Dataset items:
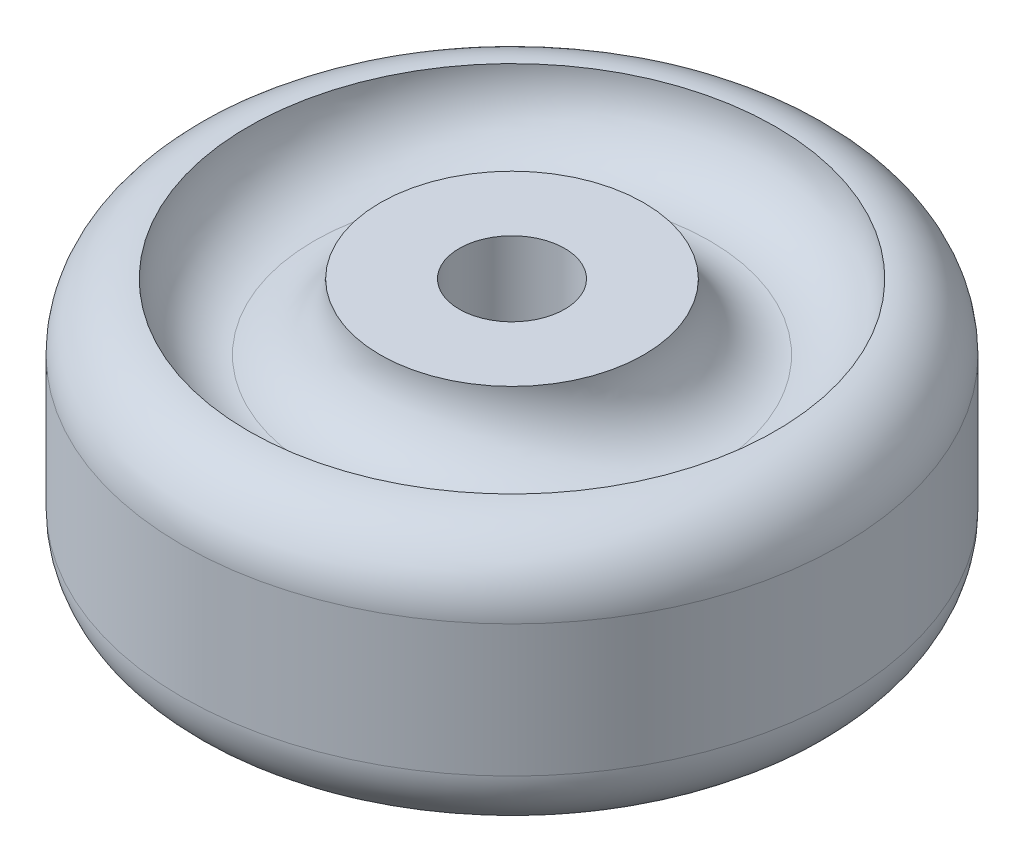
ISO-10303-21;
HEADER;
FILE_DESCRIPTION(('STEP AP214'),'2;1');
FILE_NAME('part.step','',(''),(''),'','','');
FILE_SCHEMA(('AUTOMOTIVE_DESIGN { 1 0 10303 214 1 1 1 1 }'));
ENDSEC;
DATA;
#1=APPLICATION_CONTEXT('core data for automotive mechanical design processes');
#2=APPLICATION_PROTOCOL_DEFINITION('international standard','automotive_design',2000,#1);
#3=PRODUCT_CONTEXT('',#1,'mechanical');
#4=PRODUCT('Part','Part','',(#3));
#5=PRODUCT_RELATED_PRODUCT_CATEGORY('part','',(#4));
#6=PRODUCT_DEFINITION_FORMATION('','',#4);
#7=PRODUCT_DEFINITION_CONTEXT('part definition',#1,'design');
#8=PRODUCT_DEFINITION('design','',#6,#7);
#9=PRODUCT_DEFINITION_SHAPE('','',#8);
#10=(LENGTH_UNIT() NAMED_UNIT(*) SI_UNIT(.MILLI.,.METRE.));
#11=(NAMED_UNIT(*) PLANE_ANGLE_UNIT() SI_UNIT($,.RADIAN.));
#12=(NAMED_UNIT(*) SI_UNIT($,.STERADIAN.) SOLID_ANGLE_UNIT());
#13=UNCERTAINTY_MEASURE_WITH_UNIT(LENGTH_MEASURE(1.E-05),#10,'distance_accuracy_value','');
#14=(GEOMETRIC_REPRESENTATION_CONTEXT(3) GLOBAL_UNCERTAINTY_ASSIGNED_CONTEXT((#13)) GLOBAL_UNIT_ASSIGNED_CONTEXT((#10,
#11,#12)) REPRESENTATION_CONTEXT('',''));
#15=CARTESIAN_POINT('',(0.,0.,0.));
#16=DIRECTION('',(0.,0.,1.));
#17=DIRECTION('',(1.,0.,0.));
#18=AXIS2_PLACEMENT_3D('',#15,#16,#17);
#19=CARTESIAN_POINT('',(0.,10.,0.));
#20=DIRECTION('',(0.,-1.,0.));
#21=DIRECTION('',(0.,0.,-1.));
#22=AXIS2_PLACEMENT_3D('',#19,#20,#21);
#23=CYLINDRICAL_SURFACE('',#22,25.);
#24=CARTESIAN_POINT('',(0.,-5.,0.));
#25=DIRECTION('',(0.,-1.,0.));
#26=DIRECTION('',(0.,0.,-1.));
#27=AXIS2_PLACEMENT_3D('',#24,#25,#26);
#28=CIRCLE('',#27,25.);
#29=CARTESIAN_POINT('',(0.,-5.,-25.));
#30=VERTEX_POINT('',#29);
#31=EDGE_CURVE('E10',#30,#30,#28,.F.);
#32=ORIENTED_EDGE('',*,*,#31,.T.);
#33=EDGE_LOOP('',(#32));
#34=FACE_BOUND('',#33,.T.);
#35=CARTESIAN_POINT('',(0.,5.,0.));
#36=DIRECTION('',(0.,1.,0.));
#37=DIRECTION('',(0.,0.,1.));
#38=AXIS2_PLACEMENT_3D('',#35,#36,#37);
#39=CIRCLE('',#38,25.);
#40=CARTESIAN_POINT('',(0.,5.,25.));
#41=VERTEX_POINT('',#40);
#42=EDGE_CURVE('E43',#41,#41,#39,.F.);
#43=ORIENTED_EDGE('',*,*,#42,.T.);
#44=EDGE_LOOP('',(#43));
#45=FACE_BOUND('',#44,.T.);
#46=ADVANCED_FACE('F36',(#34,#45),#23,.T.);
#47=CARTESIAN_POINT('',(0.,10.,0.));
#48=DIRECTION('',(0.,1.,0.));
#49=DIRECTION('',(0.,0.,1.));
#50=AXIS2_PLACEMENT_3D('',#47,#48,#49);
#51=PLANE('',#50);
#52=CARTESIAN_POINT('',(0.,10.,0.));
#53=DIRECTION('',(0.,1.,0.));
#54=DIRECTION('',(0.,0.,1.));
#55=AXIS2_PLACEMENT_3D('',#52,#53,#54);
#56=CIRCLE('',#55,4.);
#57=CARTESIAN_POINT('',(0.,10.,4.));
#58=VERTEX_POINT('',#57);
#59=EDGE_CURVE('E56',#58,#58,#56,.T.);
#60=ORIENTED_EDGE('',*,*,#59,.F.);
#61=EDGE_LOOP('',(#60));
#62=FACE_BOUND('',#61,.T.);
#63=CARTESIAN_POINT('',(0.,10.,0.));
#64=DIRECTION('',(0.,1.,0.));
#65=DIRECTION('',(0.,0.,1.));
#66=AXIS2_PLACEMENT_3D('',#63,#64,#65);
#67=CIRCLE('',#66,10.);
#68=CARTESIAN_POINT('',(0.,10.,10.));
#69=VERTEX_POINT('',#68);
#70=EDGE_CURVE('E52',#69,#69,#67,.T.);
#71=ORIENTED_EDGE('',*,*,#70,.T.);
#72=EDGE_LOOP('',(#71));
#73=FACE_BOUND('',#72,.T.);
#74=ADVANCED_FACE('F87',(#62,#73),#51,.T.);
#75=CARTESIAN_POINT('',(0.,10.,0.));
#76=DIRECTION('',(0.,1.,0.));
#77=DIRECTION('',(0.,0.,1.));
#78=AXIS2_PLACEMENT_3D('',#75,#76,#77);
#79=TOROIDAL_SURFACE('',#78,15.,5.);
#80=ORIENTED_EDGE('',*,*,#70,.F.);
#81=EDGE_LOOP('',(#80));
#82=FACE_BOUND('',#81,.T.);
#83=CARTESIAN_POINT('',(0.,5.,0.));
#84=DIRECTION('',(0.,1.,0.));
#85=DIRECTION('',(0.,0.,1.));
#86=AXIS2_PLACEMENT_3D('',#83,#84,#85);
#87=CIRCLE('',#86,15.);
#88=CARTESIAN_POINT('',(0.,5.,15.));
#89=VERTEX_POINT('',#88);
#90=EDGE_CURVE('E116',#89,#89,#87,.F.);
#91=ORIENTED_EDGE('',*,*,#90,.F.);
#92=EDGE_LOOP('',(#91));
#93=FACE_BOUND('',#92,.T.);
#94=ADVANCED_FACE('F80',(#82,#93),#79,.F.);
#95=CARTESIAN_POINT('',(0.,10.,0.));
#96=DIRECTION('',(0.,1.,0.));
#97=DIRECTION('',(0.,0.,1.));
#98=AXIS2_PLACEMENT_3D('',#95,#96,#97);
#99=TOROIDAL_SURFACE('',#98,15.,5.);
#100=CARTESIAN_POINT('',(0.,10.,0.));
#101=DIRECTION('',(0.,1.,0.));
#102=DIRECTION('',(0.,0.,1.));
#103=AXIS2_PLACEMENT_3D('',#100,#101,#102);
#104=CIRCLE('',#103,20.);
#105=CARTESIAN_POINT('',(0.,10.,20.));
#106=VERTEX_POINT('',#105);
#107=EDGE_CURVE('E47',#106,#106,#104,.T.);
#108=ORIENTED_EDGE('',*,*,#107,.T.);
#109=EDGE_LOOP('',(#108));
#110=FACE_BOUND('',#109,.T.);
#111=ORIENTED_EDGE('',*,*,#90,.T.);
#112=EDGE_LOOP('',(#111));
#113=FACE_BOUND('',#112,.T.);
#114=ADVANCED_FACE('F71',(#110,#113),#99,.F.);
#115=CARTESIAN_POINT('',(0.,0.,0.));
#116=DIRECTION('',(0.,1.,0.));
#117=DIRECTION('',(0.,0.,1.));
#118=AXIS2_PLACEMENT_3D('',#115,#116,#117);
#119=CYLINDRICAL_SURFACE('',#118,4.);
#120=ORIENTED_EDGE('',*,*,#59,.T.);
#121=EDGE_LOOP('',(#120));
#122=FACE_BOUND('',#121,.T.);
#123=CARTESIAN_POINT('',(0.,-10.,0.));
#124=DIRECTION('',(0.,-1.,0.));
#125=DIRECTION('',(0.,0.,-1.));
#126=AXIS2_PLACEMENT_3D('',#123,#124,#125);
#127=CIRCLE('',#126,4.);
#128=CARTESIAN_POINT('',(0.,-10.,-4.));
#129=VERTEX_POINT('',#128);
#130=EDGE_CURVE('E61',#129,#129,#127,.F.);
#131=ORIENTED_EDGE('',*,*,#130,.F.);
#132=EDGE_LOOP('',(#131));
#133=FACE_BOUND('',#132,.T.);
#134=ADVANCED_FACE('F68',(#122,#133),#119,.F.);
#135=CARTESIAN_POINT('',(0.,5.,0.));
#136=DIRECTION('',(0.,1.,0.));
#137=DIRECTION('',(0.,0.,1.));
#138=AXIS2_PLACEMENT_3D('',#135,#136,#137);
#139=TOROIDAL_SURFACE('',#138,20.,5.);
#140=ORIENTED_EDGE('',*,*,#42,.F.);
#141=EDGE_LOOP('',(#140));
#142=FACE_BOUND('',#141,.T.);
#143=ORIENTED_EDGE('',*,*,#107,.F.);
#144=EDGE_LOOP('',(#143));
#145=FACE_BOUND('',#144,.T.);
#146=ADVANCED_FACE('F70',(#142,#145),#139,.T.);
#147=CARTESIAN_POINT('',(0.,-10.,0.));
#148=DIRECTION('',(0.,-1.,0.));
#149=DIRECTION('',(0.,0.,1.));
#150=AXIS2_PLACEMENT_3D('',#147,#148,#149);
#151=PLANE('',#150);
#152=ORIENTED_EDGE('',*,*,#130,.T.);
#153=EDGE_LOOP('',(#152));
#154=FACE_BOUND('',#153,.T.);
#155=CARTESIAN_POINT('',(0.,-10.,0.));
#156=DIRECTION('',(0.,1.,0.));
#157=DIRECTION('',(0.,0.,1.));
#158=AXIS2_PLACEMENT_3D('',#155,#156,#157);
#159=CIRCLE('',#158,10.);
#160=CARTESIAN_POINT('',(0.,-10.,10.));
#161=VERTEX_POINT('',#160);
#162=EDGE_CURVE('E60',#161,#161,#159,.T.);
#163=ORIENTED_EDGE('',*,*,#162,.F.);
#164=EDGE_LOOP('',(#163));
#165=FACE_BOUND('',#164,.T.);
#166=ADVANCED_FACE('F65',(#154,#165),#151,.T.);
#167=CARTESIAN_POINT('',(0.,-10.,0.));
#168=DIRECTION('',(0.,-1.,0.));
#169=DIRECTION('',(0.,0.,-1.));
#170=AXIS2_PLACEMENT_3D('',#167,#168,#169);
#171=TOROIDAL_SURFACE('',#170,15.,5.);
#172=ORIENTED_EDGE('',*,*,#162,.T.);
#173=EDGE_LOOP('',(#172));
#174=FACE_BOUND('',#173,.T.);
#175=CARTESIAN_POINT('',(0.,-5.,0.));
#176=DIRECTION('',(0.,-1.,0.));
#177=DIRECTION('',(0.,0.,-1.));
#178=AXIS2_PLACEMENT_3D('',#175,#176,#177);
#179=CIRCLE('',#178,15.);
#180=CARTESIAN_POINT('',(0.,-5.,-15.));
#181=VERTEX_POINT('',#180);
#182=EDGE_CURVE('E58',#181,#181,#179,.F.);
#183=ORIENTED_EDGE('',*,*,#182,.F.);
#184=EDGE_LOOP('',(#183));
#185=FACE_BOUND('',#184,.T.);
#186=ADVANCED_FACE('F99',(#174,#185),#171,.F.);
#187=CARTESIAN_POINT('',(0.,-10.,0.));
#188=DIRECTION('',(0.,-1.,0.));
#189=DIRECTION('',(0.,0.,-1.));
#190=AXIS2_PLACEMENT_3D('',#187,#188,#189);
#191=TOROIDAL_SURFACE('',#190,15.,5.);
#192=ORIENTED_EDGE('',*,*,#182,.T.);
#193=EDGE_LOOP('',(#192));
#194=FACE_BOUND('',#193,.T.);
#195=CARTESIAN_POINT('',(0.,-10.,0.));
#196=DIRECTION('',(0.,1.,0.));
#197=DIRECTION('',(0.,0.,1.));
#198=AXIS2_PLACEMENT_3D('',#195,#196,#197);
#199=CIRCLE('',#198,20.);
#200=CARTESIAN_POINT('',(0.,-10.,20.));
#201=VERTEX_POINT('',#200);
#202=EDGE_CURVE('E113',#201,#201,#199,.T.);
#203=ORIENTED_EDGE('',*,*,#202,.F.);
#204=EDGE_LOOP('',(#203));
#205=FACE_BOUND('',#204,.T.);
#206=ADVANCED_FACE('F97',(#194,#205),#191,.F.);
#207=CARTESIAN_POINT('',(0.,-5.,0.));
#208=DIRECTION('',(0.,-1.,0.));
#209=DIRECTION('',(0.,0.,-1.));
#210=AXIS2_PLACEMENT_3D('',#207,#208,#209);
#211=TOROIDAL_SURFACE('',#210,20.,5.);
#212=ORIENTED_EDGE('',*,*,#202,.T.);
#213=EDGE_LOOP('',(#212));
#214=FACE_BOUND('',#213,.T.);
#215=ORIENTED_EDGE('',*,*,#31,.F.);
#216=EDGE_LOOP('',(#215));
#217=FACE_BOUND('',#216,.T.);
#218=ADVANCED_FACE('F38',(#214,#217),#211,.T.);
#219=CLOSED_SHELL('',(#46,#74,#94,#114,#134,#146,#166,#186,#206,#218));
#220=MANIFOLD_SOLID_BREP('B2',#219);
#221=ADVANCED_BREP_SHAPE_REPRESENTATION('',(#18,#220),#14);
#222=SHAPE_DEFINITION_REPRESENTATION(#9,#221);
ENDSEC;
END-ISO-10303-21;

YOUR INSTRUCTIONS
Set down, unchanged, only those lines above that fall between the line with "#180=CARTESIAN_POINT('',(0.,-5.,-15.));" and the line with "#189=DIRECTION('',(0.,0.,-1.));", the two end lines included.

WRITTEN ANSWER
#180=CARTESIAN_POINT('',(0.,-5.,-15.));
#181=VERTEX_POINT('',#180);
#182=EDGE_CURVE('E58',#181,#181,#179,.F.);
#183=ORIENTED_EDGE('',*,*,#182,.F.);
#184=EDGE_LOOP('',(#183));
#185=FACE_BOUND('',#184,.T.);
#186=ADVANCED_FACE('F99',(#174,#185),#171,.F.);
#187=CARTESIAN_POINT('',(0.,-10.,0.));
#188=DIRECTION('',(0.,-1.,0.));
#189=DIRECTION('',(0.,0.,-1.));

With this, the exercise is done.